» Task directions
Below are the entries; give again exactly the lines from the one mentioning "#63=ORIENTED_EDGE('',*,*,#62,.F.);" through the one mentioning "#75=LINE('',#74,#73);", inclusive.

» Data extracted from a collection
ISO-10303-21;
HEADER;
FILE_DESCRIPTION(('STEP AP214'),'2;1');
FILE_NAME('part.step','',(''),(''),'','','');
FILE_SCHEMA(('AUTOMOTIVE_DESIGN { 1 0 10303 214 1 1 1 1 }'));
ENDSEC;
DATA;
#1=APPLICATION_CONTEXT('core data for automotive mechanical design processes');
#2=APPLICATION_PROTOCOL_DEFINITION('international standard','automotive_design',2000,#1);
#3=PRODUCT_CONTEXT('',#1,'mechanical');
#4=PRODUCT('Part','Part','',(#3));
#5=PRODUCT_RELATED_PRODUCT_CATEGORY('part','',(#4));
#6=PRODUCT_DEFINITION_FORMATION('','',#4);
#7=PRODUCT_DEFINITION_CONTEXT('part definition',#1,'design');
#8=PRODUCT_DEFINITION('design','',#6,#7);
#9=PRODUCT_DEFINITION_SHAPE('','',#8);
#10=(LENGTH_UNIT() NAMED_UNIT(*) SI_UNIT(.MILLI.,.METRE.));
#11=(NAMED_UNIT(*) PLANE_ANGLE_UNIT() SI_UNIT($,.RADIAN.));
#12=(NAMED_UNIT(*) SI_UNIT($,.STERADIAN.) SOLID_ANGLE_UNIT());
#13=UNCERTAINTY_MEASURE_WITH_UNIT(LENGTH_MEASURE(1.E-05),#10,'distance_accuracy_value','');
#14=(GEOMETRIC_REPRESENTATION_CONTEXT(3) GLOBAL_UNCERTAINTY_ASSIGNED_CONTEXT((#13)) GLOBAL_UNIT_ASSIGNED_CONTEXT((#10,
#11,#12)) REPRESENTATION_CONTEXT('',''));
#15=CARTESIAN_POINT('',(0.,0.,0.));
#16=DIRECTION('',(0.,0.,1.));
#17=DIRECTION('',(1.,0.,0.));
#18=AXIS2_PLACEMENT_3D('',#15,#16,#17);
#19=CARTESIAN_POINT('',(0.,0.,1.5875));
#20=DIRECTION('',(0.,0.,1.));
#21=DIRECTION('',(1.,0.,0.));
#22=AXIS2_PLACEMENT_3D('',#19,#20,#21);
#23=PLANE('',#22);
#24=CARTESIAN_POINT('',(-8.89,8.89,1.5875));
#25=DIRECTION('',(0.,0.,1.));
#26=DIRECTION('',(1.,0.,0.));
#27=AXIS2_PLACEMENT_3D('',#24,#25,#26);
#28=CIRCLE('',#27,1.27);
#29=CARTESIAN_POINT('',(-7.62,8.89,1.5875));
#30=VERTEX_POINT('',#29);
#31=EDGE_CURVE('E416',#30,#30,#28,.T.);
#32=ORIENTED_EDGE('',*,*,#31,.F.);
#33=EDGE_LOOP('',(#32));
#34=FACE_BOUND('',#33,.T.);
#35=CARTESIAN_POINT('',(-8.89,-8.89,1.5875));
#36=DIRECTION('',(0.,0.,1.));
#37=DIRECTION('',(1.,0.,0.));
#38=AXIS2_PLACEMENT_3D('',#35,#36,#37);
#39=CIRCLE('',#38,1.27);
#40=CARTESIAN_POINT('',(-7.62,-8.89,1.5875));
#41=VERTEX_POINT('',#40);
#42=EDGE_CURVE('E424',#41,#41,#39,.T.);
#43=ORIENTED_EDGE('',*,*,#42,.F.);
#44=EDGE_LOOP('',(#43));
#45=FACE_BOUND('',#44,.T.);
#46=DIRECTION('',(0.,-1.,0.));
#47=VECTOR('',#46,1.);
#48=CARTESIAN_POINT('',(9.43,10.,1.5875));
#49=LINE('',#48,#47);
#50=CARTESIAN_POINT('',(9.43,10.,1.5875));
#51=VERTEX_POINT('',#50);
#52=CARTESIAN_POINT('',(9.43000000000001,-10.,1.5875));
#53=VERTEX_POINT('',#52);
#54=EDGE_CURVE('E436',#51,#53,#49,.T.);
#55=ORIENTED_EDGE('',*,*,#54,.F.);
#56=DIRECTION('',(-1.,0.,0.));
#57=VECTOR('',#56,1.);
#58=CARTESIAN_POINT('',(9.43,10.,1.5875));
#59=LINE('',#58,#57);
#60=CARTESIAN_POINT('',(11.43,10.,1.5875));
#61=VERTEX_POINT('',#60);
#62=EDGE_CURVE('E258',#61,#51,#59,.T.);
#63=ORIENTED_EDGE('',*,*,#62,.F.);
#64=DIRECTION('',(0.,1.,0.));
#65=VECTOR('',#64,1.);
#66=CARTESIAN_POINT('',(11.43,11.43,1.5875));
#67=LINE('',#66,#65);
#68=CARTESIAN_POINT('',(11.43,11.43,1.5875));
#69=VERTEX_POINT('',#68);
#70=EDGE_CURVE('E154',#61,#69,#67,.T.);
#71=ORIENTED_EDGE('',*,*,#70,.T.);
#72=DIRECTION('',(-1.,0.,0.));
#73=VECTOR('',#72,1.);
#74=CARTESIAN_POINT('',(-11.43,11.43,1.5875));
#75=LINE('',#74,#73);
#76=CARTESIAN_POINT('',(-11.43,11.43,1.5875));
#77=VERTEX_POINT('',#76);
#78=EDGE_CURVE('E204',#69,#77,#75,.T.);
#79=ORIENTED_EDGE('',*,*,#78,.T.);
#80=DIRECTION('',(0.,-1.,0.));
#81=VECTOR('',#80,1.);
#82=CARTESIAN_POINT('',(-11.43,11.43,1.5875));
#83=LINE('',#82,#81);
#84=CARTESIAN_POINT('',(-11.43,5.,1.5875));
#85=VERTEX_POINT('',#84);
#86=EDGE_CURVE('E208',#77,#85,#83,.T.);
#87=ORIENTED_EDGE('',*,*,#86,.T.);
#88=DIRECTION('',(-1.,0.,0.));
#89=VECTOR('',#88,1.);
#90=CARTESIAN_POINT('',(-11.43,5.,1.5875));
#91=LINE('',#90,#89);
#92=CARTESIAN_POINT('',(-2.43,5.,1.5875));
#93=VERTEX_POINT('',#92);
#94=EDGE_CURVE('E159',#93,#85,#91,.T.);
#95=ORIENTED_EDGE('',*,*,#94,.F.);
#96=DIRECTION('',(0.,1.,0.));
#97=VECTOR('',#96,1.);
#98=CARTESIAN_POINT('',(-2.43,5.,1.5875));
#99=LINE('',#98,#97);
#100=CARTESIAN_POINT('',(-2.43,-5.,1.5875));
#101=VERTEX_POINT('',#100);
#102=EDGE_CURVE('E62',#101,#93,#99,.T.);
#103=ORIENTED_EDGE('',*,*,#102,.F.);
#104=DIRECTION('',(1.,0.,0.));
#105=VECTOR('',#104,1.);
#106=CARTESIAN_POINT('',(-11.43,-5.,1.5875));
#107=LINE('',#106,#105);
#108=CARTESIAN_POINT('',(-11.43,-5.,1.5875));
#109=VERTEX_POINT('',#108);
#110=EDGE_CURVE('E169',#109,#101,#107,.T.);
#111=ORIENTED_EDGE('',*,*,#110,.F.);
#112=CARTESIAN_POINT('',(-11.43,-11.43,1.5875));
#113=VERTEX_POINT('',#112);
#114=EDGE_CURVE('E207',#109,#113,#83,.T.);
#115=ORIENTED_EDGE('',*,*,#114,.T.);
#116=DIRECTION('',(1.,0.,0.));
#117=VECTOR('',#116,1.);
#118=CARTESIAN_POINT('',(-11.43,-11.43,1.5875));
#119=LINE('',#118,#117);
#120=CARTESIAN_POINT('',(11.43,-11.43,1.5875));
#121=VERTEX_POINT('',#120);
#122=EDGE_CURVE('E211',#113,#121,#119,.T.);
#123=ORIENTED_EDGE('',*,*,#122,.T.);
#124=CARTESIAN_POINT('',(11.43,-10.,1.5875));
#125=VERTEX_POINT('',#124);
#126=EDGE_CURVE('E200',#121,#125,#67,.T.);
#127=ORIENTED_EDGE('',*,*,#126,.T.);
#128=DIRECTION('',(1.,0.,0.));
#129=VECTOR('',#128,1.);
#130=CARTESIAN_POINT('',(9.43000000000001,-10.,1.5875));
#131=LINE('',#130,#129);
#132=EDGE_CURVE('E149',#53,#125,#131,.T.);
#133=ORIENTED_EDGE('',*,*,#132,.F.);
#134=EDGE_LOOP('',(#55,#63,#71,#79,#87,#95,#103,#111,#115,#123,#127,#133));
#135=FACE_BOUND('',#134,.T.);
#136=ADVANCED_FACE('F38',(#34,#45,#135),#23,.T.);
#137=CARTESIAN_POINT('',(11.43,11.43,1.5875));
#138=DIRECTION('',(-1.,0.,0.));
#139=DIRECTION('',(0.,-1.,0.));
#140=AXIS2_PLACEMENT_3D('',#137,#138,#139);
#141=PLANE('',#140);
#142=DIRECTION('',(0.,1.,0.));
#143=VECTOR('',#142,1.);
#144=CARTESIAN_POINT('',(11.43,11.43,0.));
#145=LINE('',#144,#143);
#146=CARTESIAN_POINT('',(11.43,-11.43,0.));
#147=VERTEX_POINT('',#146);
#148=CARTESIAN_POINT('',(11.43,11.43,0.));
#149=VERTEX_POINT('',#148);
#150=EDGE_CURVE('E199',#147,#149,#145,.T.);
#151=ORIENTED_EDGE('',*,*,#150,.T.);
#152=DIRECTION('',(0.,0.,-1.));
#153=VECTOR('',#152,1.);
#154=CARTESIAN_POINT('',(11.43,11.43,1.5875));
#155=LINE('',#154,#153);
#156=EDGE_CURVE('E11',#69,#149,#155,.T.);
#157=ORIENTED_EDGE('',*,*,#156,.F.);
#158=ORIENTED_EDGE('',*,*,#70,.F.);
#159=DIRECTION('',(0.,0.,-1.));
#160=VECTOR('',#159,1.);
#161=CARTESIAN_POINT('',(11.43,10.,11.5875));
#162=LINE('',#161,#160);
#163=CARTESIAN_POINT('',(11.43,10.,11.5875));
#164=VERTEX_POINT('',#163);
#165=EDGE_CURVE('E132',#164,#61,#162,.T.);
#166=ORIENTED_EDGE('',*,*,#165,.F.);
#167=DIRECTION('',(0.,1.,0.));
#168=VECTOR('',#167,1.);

» Output of the exercise
#63=ORIENTED_EDGE('',*,*,#62,.F.);
#64=DIRECTION('',(0.,1.,0.));
#65=VECTOR('',#64,1.);
#66=CARTESIAN_POINT('',(11.43,11.43,1.5875));
#67=LINE('',#66,#65);
#68=CARTESIAN_POINT('',(11.43,11.43,1.5875));
#69=VERTEX_POINT('',#68);
#70=EDGE_CURVE('E154',#61,#69,#67,.T.);
#71=ORIENTED_EDGE('',*,*,#70,.T.);
#72=DIRECTION('',(-1.,0.,0.));
#73=VECTOR('',#72,1.);
#74=CARTESIAN_POINT('',(-11.43,11.43,1.5875));
#75=LINE('',#74,#73);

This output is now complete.